Menurutnya, penetapan status tersangka itu bertentangan dengan Kitab Undang-undang Hukum Pidana (KUHP). Selain itu, aparat penegak hukum dinilai sudah bertindak sewenang-wenang mempermainkan hukum. "Sewenang-wenang, sebab Pasal 77 KUHP menyatakan kewenangan menuntut pidana hapus, jika tertuduh meninggal dunia," ungkapnya.

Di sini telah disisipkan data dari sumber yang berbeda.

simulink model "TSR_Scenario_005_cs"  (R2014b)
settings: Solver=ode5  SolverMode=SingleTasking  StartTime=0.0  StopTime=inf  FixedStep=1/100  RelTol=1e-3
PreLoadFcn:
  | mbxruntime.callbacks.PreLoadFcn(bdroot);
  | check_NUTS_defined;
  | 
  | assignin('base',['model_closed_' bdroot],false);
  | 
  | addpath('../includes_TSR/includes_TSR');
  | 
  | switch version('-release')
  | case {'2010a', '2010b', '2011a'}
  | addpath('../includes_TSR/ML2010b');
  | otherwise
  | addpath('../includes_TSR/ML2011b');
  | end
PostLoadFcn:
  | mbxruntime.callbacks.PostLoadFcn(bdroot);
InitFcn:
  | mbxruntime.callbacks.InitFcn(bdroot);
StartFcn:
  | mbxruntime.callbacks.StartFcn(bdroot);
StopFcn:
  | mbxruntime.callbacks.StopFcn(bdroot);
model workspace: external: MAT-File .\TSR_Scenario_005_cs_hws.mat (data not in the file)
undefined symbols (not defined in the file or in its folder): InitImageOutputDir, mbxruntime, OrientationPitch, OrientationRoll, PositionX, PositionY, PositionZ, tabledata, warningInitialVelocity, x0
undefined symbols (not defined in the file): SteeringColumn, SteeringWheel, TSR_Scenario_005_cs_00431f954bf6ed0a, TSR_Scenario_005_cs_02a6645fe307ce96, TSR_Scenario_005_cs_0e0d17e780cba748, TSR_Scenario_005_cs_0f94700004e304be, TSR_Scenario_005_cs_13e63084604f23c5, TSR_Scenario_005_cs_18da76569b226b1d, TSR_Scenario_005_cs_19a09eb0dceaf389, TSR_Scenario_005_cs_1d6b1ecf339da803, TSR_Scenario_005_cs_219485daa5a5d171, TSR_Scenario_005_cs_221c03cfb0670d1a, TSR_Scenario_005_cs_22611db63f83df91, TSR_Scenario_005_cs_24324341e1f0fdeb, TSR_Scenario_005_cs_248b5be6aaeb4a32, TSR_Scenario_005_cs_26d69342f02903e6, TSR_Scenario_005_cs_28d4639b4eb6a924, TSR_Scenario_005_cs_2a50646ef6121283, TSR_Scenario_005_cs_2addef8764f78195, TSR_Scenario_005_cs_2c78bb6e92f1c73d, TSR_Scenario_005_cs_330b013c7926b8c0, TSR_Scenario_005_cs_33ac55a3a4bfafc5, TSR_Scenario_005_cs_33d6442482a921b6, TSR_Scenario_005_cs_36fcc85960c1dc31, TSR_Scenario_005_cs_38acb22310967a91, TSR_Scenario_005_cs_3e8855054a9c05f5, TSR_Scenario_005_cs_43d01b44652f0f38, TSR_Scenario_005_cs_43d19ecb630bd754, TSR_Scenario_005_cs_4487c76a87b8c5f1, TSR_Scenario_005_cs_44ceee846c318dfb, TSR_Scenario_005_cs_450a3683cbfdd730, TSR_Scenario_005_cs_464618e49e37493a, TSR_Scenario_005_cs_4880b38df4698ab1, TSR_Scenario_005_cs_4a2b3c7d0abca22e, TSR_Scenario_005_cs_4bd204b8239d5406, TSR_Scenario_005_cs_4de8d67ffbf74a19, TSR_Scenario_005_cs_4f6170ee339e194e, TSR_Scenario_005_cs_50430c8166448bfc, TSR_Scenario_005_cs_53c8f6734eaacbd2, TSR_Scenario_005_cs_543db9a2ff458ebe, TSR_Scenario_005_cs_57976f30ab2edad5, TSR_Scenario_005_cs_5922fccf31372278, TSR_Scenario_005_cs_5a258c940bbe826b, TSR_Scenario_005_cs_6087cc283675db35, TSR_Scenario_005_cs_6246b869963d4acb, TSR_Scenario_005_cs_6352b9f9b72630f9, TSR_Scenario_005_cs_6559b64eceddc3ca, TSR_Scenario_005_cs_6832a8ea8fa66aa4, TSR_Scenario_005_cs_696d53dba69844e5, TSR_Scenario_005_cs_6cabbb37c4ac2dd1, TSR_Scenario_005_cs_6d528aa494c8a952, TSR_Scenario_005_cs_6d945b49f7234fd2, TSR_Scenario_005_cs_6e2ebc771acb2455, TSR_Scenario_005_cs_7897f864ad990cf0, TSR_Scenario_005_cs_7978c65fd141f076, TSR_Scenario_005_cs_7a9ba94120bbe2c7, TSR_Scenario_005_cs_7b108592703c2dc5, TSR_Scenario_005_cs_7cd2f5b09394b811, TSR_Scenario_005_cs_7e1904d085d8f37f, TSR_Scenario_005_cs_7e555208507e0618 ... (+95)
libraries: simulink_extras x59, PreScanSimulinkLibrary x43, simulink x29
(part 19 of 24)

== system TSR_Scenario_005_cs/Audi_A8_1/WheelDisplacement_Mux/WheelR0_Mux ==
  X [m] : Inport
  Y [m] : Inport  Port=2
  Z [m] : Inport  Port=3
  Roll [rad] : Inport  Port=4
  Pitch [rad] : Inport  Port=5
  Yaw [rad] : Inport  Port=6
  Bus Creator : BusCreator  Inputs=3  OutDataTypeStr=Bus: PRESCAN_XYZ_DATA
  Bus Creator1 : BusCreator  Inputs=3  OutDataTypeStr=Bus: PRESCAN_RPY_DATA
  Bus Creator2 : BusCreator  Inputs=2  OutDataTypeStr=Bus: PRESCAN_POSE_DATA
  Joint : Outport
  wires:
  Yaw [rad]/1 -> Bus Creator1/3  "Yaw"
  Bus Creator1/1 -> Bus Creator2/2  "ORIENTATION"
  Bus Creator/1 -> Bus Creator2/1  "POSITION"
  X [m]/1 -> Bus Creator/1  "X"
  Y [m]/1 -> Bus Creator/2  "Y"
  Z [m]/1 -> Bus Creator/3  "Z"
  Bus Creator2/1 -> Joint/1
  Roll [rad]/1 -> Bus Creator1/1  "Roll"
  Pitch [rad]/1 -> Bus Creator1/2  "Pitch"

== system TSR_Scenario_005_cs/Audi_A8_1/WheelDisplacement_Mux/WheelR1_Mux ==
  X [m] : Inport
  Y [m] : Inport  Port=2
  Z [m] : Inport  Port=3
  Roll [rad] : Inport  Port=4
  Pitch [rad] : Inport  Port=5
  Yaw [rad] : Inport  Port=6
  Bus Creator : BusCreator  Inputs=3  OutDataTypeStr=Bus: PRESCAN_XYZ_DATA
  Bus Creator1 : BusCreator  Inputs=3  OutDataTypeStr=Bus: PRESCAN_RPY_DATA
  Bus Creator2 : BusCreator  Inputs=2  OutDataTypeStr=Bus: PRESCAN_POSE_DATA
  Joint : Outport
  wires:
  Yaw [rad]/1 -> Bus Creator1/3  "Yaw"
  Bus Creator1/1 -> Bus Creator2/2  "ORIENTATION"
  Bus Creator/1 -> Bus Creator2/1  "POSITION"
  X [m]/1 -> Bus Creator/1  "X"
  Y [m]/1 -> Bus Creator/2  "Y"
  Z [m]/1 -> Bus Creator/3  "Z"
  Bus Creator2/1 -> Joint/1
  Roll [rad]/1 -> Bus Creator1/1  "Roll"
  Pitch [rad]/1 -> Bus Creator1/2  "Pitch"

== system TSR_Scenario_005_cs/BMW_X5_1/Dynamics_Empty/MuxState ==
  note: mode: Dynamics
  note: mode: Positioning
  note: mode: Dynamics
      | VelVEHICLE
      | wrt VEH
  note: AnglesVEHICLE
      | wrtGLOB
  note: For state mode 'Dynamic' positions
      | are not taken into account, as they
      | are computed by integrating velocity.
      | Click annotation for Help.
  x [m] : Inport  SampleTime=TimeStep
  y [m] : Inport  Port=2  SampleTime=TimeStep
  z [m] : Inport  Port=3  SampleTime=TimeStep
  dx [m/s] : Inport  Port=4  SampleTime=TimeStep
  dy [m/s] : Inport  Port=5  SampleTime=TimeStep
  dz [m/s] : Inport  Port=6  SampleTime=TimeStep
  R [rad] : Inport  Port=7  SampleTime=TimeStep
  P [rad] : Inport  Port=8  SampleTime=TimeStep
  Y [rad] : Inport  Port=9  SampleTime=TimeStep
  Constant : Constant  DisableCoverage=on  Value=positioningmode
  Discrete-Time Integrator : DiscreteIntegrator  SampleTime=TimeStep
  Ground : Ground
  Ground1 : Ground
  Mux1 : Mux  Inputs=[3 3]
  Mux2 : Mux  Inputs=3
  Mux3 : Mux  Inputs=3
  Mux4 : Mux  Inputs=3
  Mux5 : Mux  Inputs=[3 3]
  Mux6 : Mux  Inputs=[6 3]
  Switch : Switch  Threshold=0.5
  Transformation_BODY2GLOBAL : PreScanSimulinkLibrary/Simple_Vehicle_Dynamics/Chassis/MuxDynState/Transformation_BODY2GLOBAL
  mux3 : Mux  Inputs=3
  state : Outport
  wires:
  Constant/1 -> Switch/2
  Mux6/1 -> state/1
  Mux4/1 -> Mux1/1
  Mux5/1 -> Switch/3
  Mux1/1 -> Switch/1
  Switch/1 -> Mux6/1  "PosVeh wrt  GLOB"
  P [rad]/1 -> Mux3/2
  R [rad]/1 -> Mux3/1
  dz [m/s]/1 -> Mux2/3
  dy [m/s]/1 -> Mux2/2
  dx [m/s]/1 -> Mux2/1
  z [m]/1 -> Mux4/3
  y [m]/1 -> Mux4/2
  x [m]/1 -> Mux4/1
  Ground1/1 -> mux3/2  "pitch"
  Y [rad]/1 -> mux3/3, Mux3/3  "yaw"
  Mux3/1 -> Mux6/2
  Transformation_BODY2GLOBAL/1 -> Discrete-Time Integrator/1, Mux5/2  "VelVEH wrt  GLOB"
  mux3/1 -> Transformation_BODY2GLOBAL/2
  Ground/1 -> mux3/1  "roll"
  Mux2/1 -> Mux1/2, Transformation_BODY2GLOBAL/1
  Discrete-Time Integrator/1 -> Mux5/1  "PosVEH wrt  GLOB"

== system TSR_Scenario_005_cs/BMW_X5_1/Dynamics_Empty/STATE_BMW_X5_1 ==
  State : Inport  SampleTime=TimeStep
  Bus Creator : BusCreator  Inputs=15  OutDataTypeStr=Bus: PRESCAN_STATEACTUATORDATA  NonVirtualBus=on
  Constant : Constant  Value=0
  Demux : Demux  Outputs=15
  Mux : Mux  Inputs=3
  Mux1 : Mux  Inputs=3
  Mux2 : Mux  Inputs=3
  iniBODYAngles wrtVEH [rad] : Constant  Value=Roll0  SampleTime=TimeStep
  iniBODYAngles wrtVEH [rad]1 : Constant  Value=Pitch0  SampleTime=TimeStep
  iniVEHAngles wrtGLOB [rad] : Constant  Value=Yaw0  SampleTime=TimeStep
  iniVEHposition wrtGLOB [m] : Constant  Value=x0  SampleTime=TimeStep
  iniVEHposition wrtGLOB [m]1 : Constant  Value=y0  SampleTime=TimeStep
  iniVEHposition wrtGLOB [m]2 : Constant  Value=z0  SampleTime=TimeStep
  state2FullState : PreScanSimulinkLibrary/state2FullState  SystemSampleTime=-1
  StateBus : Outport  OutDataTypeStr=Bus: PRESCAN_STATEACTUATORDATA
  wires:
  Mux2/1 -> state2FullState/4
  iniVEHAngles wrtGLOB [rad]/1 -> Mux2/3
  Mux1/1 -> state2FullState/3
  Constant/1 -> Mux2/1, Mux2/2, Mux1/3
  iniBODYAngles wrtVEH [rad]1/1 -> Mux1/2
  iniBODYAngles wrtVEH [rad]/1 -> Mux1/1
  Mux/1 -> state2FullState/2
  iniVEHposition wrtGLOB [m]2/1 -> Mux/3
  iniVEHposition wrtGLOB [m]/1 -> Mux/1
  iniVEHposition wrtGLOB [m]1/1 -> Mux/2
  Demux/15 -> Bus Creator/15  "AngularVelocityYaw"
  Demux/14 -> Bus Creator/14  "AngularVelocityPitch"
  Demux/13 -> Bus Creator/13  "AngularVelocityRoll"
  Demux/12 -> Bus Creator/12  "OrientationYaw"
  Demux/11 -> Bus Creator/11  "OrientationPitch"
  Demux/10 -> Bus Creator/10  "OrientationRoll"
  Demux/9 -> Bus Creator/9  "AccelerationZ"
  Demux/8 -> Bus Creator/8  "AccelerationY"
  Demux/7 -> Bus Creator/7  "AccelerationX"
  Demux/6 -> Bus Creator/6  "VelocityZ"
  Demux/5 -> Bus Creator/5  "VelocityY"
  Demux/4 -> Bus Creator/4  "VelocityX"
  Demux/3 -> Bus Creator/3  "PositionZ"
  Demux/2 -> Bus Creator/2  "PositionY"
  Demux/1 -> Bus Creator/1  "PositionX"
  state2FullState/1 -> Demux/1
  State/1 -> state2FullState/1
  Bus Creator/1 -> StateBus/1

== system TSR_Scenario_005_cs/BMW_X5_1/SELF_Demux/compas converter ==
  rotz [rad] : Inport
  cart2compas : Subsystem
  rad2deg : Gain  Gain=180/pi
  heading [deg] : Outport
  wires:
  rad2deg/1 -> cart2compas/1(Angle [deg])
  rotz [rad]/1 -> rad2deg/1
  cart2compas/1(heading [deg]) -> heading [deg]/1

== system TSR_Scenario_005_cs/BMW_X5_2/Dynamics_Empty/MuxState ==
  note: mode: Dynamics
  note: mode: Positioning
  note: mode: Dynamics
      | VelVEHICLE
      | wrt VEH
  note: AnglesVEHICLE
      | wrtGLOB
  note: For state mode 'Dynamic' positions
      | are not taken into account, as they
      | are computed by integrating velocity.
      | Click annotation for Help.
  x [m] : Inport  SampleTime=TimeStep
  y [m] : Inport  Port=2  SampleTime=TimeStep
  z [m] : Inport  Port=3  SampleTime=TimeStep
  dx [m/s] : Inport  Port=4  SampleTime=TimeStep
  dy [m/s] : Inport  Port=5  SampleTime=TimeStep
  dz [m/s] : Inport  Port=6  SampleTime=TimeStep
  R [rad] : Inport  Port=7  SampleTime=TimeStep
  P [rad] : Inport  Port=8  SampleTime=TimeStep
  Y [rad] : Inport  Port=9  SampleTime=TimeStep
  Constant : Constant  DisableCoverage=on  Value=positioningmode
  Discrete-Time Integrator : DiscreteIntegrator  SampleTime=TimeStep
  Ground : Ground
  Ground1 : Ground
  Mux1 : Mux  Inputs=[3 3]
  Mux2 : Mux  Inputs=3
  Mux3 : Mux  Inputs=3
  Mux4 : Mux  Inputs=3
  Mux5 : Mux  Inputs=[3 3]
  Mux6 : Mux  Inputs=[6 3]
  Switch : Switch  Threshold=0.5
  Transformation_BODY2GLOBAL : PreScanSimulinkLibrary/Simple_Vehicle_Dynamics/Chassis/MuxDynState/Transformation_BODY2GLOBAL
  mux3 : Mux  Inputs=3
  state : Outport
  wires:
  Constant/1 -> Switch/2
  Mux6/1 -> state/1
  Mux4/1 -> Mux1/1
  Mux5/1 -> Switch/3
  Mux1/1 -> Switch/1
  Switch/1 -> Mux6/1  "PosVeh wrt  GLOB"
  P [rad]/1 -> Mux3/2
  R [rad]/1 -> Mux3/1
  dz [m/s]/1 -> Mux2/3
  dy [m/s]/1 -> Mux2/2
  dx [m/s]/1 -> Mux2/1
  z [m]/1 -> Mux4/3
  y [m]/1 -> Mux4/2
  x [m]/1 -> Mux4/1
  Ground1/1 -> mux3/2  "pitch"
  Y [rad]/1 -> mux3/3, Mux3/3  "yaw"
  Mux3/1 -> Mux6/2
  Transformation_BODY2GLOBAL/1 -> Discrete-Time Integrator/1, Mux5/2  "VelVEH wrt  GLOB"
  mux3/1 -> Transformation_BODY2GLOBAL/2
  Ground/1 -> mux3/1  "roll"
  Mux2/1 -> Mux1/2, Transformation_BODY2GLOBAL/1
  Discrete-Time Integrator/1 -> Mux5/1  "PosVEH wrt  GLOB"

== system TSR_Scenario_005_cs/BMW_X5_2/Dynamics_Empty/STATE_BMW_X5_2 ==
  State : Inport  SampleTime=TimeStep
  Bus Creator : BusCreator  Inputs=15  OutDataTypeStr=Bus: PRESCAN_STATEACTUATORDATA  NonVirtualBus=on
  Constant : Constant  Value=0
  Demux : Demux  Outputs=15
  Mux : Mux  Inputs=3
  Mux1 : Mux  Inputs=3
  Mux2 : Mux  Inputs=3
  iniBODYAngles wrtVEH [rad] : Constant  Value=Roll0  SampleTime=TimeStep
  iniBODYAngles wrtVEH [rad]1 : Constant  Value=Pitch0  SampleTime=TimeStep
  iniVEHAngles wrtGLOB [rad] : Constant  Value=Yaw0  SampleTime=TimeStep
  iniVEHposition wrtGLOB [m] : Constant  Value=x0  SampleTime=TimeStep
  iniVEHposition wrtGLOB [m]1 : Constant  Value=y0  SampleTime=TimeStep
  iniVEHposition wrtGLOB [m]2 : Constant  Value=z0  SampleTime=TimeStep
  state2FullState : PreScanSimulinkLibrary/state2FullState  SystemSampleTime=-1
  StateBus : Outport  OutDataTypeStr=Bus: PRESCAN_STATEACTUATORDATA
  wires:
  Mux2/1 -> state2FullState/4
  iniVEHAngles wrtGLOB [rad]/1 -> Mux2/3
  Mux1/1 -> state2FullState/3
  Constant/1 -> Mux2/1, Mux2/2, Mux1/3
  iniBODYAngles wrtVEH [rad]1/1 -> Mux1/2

Aziz menyebutkan bahwa orang yang sudah meninggal tak bisa ditetapkan sebagai tersangka dalam ilmu hukum. "Orang mati ditetapkan sebagai tersangka, kan luar biasa bodoh itu. Sama sekali tidak ada ilmu hukum," tegasnya.

Seperti yang telah diketahui, 6 anggota Laskar FPI tewas dalam bentrok dengan kepolisian di Tol Jakarta-Cikampek KM 50 pada 7 Desember 2020. Mereka tewas dengan sejumlah luka tembak.

Komnas HAM pun ikut turun tangan dalam mengusut kasus tersebut, Mereka menyampaikan sejumlah temuan, salah satunya soal kepemilikan senjata api oleh anggota laskar FPI. Mereka juga menyebutkan bahwa bentrokan itu tak akan terjadi apabila anggota laskar tak menunggu kedatangan polisi.